## Problem statement
In the entries that follow, the line with "#121=CARTESIAN_POINT('',(0.,0.,12.));" opens the range and the line with "#127=VERTEX_POINT('',#126);" closes it; repeat that range exactly, both lines included.

──────

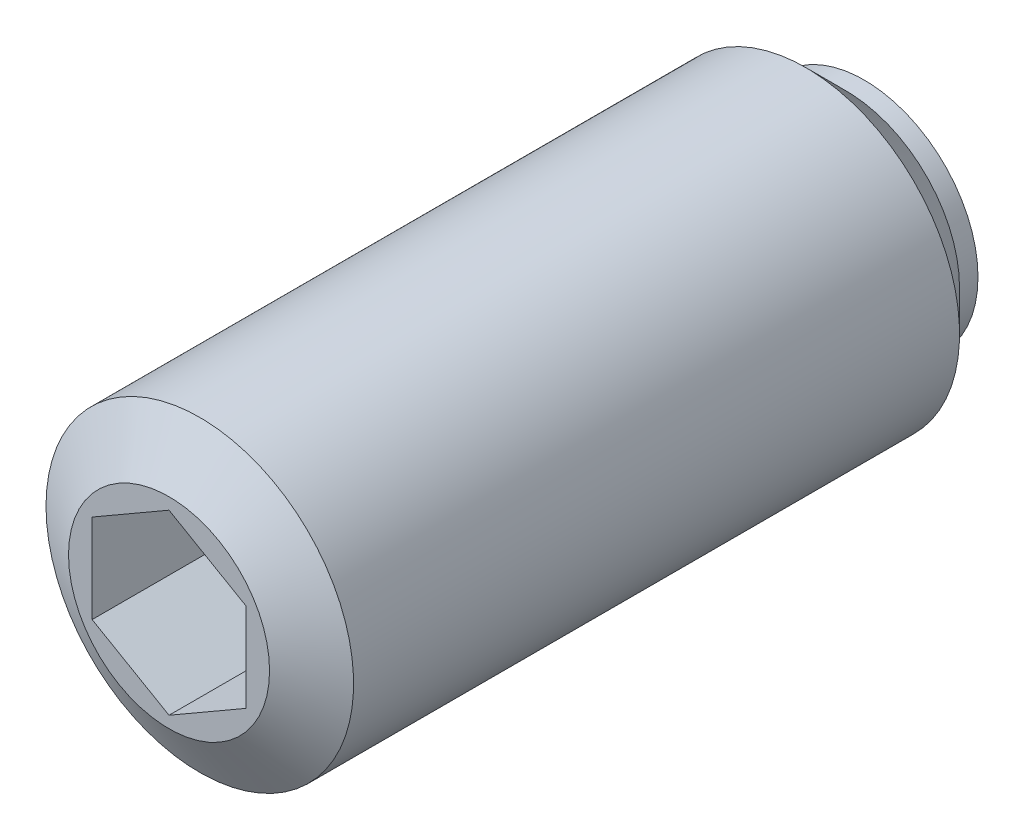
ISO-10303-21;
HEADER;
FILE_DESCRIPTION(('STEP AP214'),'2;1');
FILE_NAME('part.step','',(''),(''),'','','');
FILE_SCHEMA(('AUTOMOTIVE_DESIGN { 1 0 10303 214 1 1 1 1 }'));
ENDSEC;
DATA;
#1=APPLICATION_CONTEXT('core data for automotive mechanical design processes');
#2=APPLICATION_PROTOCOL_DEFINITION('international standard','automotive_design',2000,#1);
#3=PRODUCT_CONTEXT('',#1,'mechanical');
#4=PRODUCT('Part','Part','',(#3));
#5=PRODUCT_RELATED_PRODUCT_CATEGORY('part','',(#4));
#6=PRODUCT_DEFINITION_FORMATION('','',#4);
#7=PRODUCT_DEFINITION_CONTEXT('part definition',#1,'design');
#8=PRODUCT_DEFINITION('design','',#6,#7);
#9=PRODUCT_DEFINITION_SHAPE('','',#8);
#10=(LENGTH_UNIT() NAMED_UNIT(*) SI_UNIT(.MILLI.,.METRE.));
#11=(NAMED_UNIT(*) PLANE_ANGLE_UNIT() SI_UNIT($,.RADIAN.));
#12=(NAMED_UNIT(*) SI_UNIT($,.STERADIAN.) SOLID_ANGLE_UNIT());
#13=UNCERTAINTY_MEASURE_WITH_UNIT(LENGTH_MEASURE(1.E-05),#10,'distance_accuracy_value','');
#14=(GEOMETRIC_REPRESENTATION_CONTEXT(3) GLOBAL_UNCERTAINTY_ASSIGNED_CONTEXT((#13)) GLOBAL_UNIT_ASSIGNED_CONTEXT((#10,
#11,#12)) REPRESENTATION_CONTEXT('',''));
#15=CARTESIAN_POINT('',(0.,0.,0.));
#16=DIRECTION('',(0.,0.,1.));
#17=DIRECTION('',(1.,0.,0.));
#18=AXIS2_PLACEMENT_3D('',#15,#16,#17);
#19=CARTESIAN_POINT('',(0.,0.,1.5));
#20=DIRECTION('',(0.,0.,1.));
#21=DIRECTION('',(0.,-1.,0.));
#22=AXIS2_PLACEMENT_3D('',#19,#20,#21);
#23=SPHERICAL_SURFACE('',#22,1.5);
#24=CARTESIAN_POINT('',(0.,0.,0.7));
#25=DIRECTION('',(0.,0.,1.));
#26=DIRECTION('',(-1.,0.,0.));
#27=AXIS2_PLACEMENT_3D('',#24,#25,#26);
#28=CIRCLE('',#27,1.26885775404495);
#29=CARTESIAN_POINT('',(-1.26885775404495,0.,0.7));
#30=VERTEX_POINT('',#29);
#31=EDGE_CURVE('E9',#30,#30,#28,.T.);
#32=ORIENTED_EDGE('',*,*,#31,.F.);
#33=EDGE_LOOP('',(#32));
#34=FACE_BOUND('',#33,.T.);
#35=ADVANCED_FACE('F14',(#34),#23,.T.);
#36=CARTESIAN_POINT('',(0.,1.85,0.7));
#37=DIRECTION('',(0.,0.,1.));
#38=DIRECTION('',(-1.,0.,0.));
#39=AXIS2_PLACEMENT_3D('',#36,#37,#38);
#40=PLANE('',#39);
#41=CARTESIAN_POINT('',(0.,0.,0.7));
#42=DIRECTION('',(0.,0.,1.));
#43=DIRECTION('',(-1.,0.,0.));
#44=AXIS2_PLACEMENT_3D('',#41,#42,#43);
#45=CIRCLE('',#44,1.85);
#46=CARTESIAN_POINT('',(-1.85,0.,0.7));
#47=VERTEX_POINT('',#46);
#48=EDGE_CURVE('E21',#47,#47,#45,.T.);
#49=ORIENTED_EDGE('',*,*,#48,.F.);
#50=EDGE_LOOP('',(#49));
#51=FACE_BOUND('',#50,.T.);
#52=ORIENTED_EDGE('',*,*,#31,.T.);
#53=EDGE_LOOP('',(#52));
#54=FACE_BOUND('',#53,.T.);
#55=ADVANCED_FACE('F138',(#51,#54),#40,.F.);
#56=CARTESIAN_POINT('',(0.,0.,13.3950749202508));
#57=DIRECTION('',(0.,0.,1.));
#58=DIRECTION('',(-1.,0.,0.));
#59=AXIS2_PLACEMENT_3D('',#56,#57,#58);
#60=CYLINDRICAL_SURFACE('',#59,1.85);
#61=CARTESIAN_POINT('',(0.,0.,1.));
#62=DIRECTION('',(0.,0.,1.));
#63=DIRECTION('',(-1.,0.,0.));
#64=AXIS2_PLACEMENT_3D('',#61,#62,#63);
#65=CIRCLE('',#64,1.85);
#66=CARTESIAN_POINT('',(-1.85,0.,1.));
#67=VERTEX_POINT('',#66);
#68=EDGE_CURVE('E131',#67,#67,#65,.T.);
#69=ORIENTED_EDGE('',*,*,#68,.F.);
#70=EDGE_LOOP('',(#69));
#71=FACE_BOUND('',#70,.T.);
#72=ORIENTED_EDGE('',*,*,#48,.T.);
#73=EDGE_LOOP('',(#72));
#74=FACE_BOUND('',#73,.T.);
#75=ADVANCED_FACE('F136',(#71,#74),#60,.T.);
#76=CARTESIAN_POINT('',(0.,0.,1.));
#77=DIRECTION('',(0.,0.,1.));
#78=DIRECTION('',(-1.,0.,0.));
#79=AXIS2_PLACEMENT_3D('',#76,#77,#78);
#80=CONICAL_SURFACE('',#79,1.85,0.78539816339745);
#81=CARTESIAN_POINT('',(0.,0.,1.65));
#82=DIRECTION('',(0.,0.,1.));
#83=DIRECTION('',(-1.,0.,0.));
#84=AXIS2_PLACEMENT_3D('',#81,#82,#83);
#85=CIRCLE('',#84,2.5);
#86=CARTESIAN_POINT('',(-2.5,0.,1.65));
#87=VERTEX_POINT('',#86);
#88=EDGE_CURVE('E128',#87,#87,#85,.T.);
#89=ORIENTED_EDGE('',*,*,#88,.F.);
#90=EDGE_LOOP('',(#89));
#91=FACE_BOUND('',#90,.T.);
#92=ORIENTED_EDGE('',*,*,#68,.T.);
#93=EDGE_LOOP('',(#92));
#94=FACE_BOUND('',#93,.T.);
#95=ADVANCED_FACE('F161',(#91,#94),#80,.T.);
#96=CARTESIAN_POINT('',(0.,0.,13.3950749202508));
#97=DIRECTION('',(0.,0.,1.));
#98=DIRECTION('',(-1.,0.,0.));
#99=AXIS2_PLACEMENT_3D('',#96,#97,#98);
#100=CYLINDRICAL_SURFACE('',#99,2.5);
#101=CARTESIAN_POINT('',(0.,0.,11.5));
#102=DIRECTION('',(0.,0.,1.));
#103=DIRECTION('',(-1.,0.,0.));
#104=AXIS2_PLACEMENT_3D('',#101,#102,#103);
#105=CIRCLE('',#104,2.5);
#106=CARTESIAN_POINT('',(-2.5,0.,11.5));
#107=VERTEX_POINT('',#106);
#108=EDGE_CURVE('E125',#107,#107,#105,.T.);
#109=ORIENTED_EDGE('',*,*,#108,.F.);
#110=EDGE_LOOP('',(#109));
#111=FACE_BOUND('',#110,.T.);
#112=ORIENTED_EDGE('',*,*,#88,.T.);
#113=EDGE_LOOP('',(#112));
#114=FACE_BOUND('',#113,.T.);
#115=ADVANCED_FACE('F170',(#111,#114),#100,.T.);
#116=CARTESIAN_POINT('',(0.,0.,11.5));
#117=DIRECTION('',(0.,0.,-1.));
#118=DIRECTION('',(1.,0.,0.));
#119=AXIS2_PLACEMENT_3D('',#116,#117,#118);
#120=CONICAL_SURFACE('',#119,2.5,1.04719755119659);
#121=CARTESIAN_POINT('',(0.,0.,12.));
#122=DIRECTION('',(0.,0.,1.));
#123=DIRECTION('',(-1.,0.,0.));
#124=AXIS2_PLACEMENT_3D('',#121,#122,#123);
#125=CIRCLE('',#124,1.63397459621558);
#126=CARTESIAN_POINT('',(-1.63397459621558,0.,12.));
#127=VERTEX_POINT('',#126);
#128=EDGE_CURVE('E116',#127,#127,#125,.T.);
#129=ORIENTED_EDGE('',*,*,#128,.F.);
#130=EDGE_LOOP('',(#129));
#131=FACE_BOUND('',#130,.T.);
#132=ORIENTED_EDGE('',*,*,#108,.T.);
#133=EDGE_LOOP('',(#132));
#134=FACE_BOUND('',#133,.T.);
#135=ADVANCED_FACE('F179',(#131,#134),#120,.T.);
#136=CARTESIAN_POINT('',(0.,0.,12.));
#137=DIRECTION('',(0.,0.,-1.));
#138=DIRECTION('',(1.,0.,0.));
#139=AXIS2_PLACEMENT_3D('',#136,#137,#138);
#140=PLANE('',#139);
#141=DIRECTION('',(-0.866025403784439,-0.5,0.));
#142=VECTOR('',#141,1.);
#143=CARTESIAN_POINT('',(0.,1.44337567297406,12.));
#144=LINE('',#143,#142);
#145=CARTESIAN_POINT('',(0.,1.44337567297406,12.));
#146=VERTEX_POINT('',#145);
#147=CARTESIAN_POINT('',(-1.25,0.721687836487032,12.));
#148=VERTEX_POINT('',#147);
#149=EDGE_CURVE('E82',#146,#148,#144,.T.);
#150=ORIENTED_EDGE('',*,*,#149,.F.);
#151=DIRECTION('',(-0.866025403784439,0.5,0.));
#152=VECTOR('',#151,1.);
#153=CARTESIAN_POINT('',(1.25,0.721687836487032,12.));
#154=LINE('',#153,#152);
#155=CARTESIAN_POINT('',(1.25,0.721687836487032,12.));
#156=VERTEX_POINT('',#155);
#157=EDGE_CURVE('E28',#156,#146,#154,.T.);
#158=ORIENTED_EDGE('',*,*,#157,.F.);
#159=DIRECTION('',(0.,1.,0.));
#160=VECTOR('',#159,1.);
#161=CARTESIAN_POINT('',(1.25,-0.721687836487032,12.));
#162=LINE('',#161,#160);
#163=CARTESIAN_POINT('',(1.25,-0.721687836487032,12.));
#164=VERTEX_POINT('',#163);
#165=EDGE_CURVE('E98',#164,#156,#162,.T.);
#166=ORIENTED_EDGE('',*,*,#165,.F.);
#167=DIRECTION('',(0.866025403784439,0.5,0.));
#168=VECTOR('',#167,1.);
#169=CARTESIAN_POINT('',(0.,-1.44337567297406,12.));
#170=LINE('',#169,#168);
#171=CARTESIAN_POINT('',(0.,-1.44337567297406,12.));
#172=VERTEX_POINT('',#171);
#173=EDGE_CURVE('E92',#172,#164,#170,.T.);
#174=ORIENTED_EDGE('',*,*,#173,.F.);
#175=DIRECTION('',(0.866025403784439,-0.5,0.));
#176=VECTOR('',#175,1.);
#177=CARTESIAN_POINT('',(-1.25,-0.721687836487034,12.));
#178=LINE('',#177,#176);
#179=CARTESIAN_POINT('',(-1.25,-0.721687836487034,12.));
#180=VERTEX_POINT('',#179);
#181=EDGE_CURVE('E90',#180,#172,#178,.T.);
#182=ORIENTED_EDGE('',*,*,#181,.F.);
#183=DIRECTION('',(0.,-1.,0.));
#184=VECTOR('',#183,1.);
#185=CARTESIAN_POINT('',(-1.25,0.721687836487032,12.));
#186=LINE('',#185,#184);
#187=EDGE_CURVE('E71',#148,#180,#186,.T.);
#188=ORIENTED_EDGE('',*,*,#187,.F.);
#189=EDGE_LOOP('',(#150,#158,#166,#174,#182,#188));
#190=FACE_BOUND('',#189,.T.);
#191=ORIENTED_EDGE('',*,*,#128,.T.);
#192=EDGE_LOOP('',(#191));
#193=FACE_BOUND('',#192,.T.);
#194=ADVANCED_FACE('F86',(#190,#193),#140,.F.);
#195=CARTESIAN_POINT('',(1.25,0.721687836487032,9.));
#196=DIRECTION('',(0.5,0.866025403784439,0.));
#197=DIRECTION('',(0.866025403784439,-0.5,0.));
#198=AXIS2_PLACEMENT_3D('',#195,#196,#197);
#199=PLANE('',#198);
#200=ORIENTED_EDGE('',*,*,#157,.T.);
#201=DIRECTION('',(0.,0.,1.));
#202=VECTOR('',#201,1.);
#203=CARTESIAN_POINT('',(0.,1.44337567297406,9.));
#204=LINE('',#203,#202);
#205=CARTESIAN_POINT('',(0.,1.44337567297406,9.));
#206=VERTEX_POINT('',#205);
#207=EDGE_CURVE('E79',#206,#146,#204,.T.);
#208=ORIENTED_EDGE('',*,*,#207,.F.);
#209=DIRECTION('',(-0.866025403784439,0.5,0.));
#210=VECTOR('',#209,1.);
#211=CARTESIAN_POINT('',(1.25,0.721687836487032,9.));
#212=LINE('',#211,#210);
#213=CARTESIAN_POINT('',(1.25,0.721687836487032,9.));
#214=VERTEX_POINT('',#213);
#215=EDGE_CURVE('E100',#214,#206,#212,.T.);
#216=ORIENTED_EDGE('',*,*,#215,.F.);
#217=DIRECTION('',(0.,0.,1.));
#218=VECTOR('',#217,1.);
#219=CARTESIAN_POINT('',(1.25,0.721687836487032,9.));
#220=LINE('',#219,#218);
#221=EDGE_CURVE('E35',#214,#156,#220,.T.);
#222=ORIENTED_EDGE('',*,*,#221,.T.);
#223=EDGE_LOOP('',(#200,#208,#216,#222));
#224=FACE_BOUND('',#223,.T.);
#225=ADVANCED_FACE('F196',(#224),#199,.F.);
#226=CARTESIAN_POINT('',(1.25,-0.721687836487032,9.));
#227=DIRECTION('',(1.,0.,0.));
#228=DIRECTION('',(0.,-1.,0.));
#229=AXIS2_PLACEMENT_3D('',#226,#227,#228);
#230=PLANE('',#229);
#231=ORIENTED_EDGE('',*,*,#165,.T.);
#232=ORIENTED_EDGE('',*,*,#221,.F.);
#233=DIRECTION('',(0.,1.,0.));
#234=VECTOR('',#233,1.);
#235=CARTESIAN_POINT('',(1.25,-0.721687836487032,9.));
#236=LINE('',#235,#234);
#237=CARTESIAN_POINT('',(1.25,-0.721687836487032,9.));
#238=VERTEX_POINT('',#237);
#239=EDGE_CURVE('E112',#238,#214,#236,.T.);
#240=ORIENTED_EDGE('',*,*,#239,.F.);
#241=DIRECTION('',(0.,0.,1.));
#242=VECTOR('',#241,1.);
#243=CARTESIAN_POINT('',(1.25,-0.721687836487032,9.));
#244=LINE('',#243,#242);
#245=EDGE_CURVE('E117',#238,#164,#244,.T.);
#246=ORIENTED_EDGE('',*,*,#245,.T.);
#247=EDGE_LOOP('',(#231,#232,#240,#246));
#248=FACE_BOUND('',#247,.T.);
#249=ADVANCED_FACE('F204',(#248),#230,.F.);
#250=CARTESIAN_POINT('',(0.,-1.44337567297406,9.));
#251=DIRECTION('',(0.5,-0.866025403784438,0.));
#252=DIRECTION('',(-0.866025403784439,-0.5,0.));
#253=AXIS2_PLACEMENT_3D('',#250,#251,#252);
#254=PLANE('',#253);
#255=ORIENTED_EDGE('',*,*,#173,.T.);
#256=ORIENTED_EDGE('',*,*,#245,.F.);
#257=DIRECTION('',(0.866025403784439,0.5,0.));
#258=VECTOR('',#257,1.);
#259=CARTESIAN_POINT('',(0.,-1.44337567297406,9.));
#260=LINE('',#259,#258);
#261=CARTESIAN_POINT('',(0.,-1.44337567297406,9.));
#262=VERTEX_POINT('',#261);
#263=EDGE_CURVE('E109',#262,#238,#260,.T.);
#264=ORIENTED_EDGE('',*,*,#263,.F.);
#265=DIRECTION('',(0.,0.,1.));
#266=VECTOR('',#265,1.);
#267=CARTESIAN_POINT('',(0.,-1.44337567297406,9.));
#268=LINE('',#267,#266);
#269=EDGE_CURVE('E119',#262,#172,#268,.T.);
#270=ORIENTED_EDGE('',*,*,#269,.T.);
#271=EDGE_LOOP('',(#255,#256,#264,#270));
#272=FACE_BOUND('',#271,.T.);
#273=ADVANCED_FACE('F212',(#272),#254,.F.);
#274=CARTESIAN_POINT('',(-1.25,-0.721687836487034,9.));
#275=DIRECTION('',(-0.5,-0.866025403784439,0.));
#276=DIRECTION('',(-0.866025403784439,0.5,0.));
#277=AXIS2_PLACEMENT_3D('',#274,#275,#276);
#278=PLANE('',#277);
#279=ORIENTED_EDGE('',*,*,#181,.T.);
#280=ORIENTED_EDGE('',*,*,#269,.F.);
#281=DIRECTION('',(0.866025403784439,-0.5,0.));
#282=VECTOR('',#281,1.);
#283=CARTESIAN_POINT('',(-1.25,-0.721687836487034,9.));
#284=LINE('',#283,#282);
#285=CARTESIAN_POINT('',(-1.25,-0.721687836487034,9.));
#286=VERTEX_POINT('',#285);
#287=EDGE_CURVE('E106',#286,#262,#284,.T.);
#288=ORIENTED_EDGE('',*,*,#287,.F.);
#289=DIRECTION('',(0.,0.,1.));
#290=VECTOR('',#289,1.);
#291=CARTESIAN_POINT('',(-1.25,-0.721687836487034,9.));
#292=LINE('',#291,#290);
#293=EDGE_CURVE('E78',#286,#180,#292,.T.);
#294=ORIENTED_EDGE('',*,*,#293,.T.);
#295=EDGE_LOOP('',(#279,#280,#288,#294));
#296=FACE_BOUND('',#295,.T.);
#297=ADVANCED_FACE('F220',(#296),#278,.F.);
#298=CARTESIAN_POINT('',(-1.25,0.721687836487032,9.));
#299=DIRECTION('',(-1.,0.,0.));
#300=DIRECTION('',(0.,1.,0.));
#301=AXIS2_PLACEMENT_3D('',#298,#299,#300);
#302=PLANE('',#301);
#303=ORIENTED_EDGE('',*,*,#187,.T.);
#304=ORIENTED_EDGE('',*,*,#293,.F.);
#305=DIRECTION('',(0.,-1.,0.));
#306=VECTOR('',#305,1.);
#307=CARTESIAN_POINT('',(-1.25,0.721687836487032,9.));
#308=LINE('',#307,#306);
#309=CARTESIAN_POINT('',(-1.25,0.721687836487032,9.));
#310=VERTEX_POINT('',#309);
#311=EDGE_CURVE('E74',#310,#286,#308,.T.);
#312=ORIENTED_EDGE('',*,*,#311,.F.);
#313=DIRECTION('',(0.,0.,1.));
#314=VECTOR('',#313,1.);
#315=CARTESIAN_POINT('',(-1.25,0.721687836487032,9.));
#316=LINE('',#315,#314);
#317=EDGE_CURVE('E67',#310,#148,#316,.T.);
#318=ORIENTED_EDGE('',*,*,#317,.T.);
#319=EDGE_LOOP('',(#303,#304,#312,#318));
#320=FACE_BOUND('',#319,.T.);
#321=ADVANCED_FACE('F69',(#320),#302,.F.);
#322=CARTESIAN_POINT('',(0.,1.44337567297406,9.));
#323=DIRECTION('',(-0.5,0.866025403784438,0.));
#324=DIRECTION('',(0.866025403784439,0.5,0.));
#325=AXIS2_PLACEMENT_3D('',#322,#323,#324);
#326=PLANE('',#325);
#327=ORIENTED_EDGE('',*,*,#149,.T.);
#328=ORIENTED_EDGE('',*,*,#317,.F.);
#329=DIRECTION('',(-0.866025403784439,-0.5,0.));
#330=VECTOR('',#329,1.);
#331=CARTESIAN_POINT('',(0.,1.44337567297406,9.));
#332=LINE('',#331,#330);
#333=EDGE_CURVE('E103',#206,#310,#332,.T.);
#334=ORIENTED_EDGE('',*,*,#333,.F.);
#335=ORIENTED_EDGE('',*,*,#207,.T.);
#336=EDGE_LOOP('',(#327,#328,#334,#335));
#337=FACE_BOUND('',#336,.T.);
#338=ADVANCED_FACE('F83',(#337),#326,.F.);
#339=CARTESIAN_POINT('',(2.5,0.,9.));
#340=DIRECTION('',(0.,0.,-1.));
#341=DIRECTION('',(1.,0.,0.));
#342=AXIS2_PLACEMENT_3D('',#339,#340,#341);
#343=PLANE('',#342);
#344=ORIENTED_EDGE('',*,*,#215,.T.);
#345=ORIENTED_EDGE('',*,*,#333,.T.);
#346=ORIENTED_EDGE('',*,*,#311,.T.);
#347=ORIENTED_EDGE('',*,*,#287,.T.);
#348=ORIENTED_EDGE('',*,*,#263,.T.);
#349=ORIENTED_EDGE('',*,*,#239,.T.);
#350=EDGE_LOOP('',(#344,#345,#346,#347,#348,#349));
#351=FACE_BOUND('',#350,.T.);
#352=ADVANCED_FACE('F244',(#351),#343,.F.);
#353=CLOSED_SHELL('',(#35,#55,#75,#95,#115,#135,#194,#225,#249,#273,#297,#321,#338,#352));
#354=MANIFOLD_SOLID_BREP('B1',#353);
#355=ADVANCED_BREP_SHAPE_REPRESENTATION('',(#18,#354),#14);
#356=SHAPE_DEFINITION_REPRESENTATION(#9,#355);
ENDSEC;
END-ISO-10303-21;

──────

## Response to the exercise
#121=CARTESIAN_POINT('',(0.,0.,12.));
#122=DIRECTION('',(0.,0.,1.));
#123=DIRECTION('',(-1.,0.,0.));
#124=AXIS2_PLACEMENT_3D('',#121,#122,#123);
#125=CIRCLE('',#124,1.63397459621558);
#126=CARTESIAN_POINT('',(-1.63397459621558,0.,12.));
#127=VERTEX_POINT('',#126);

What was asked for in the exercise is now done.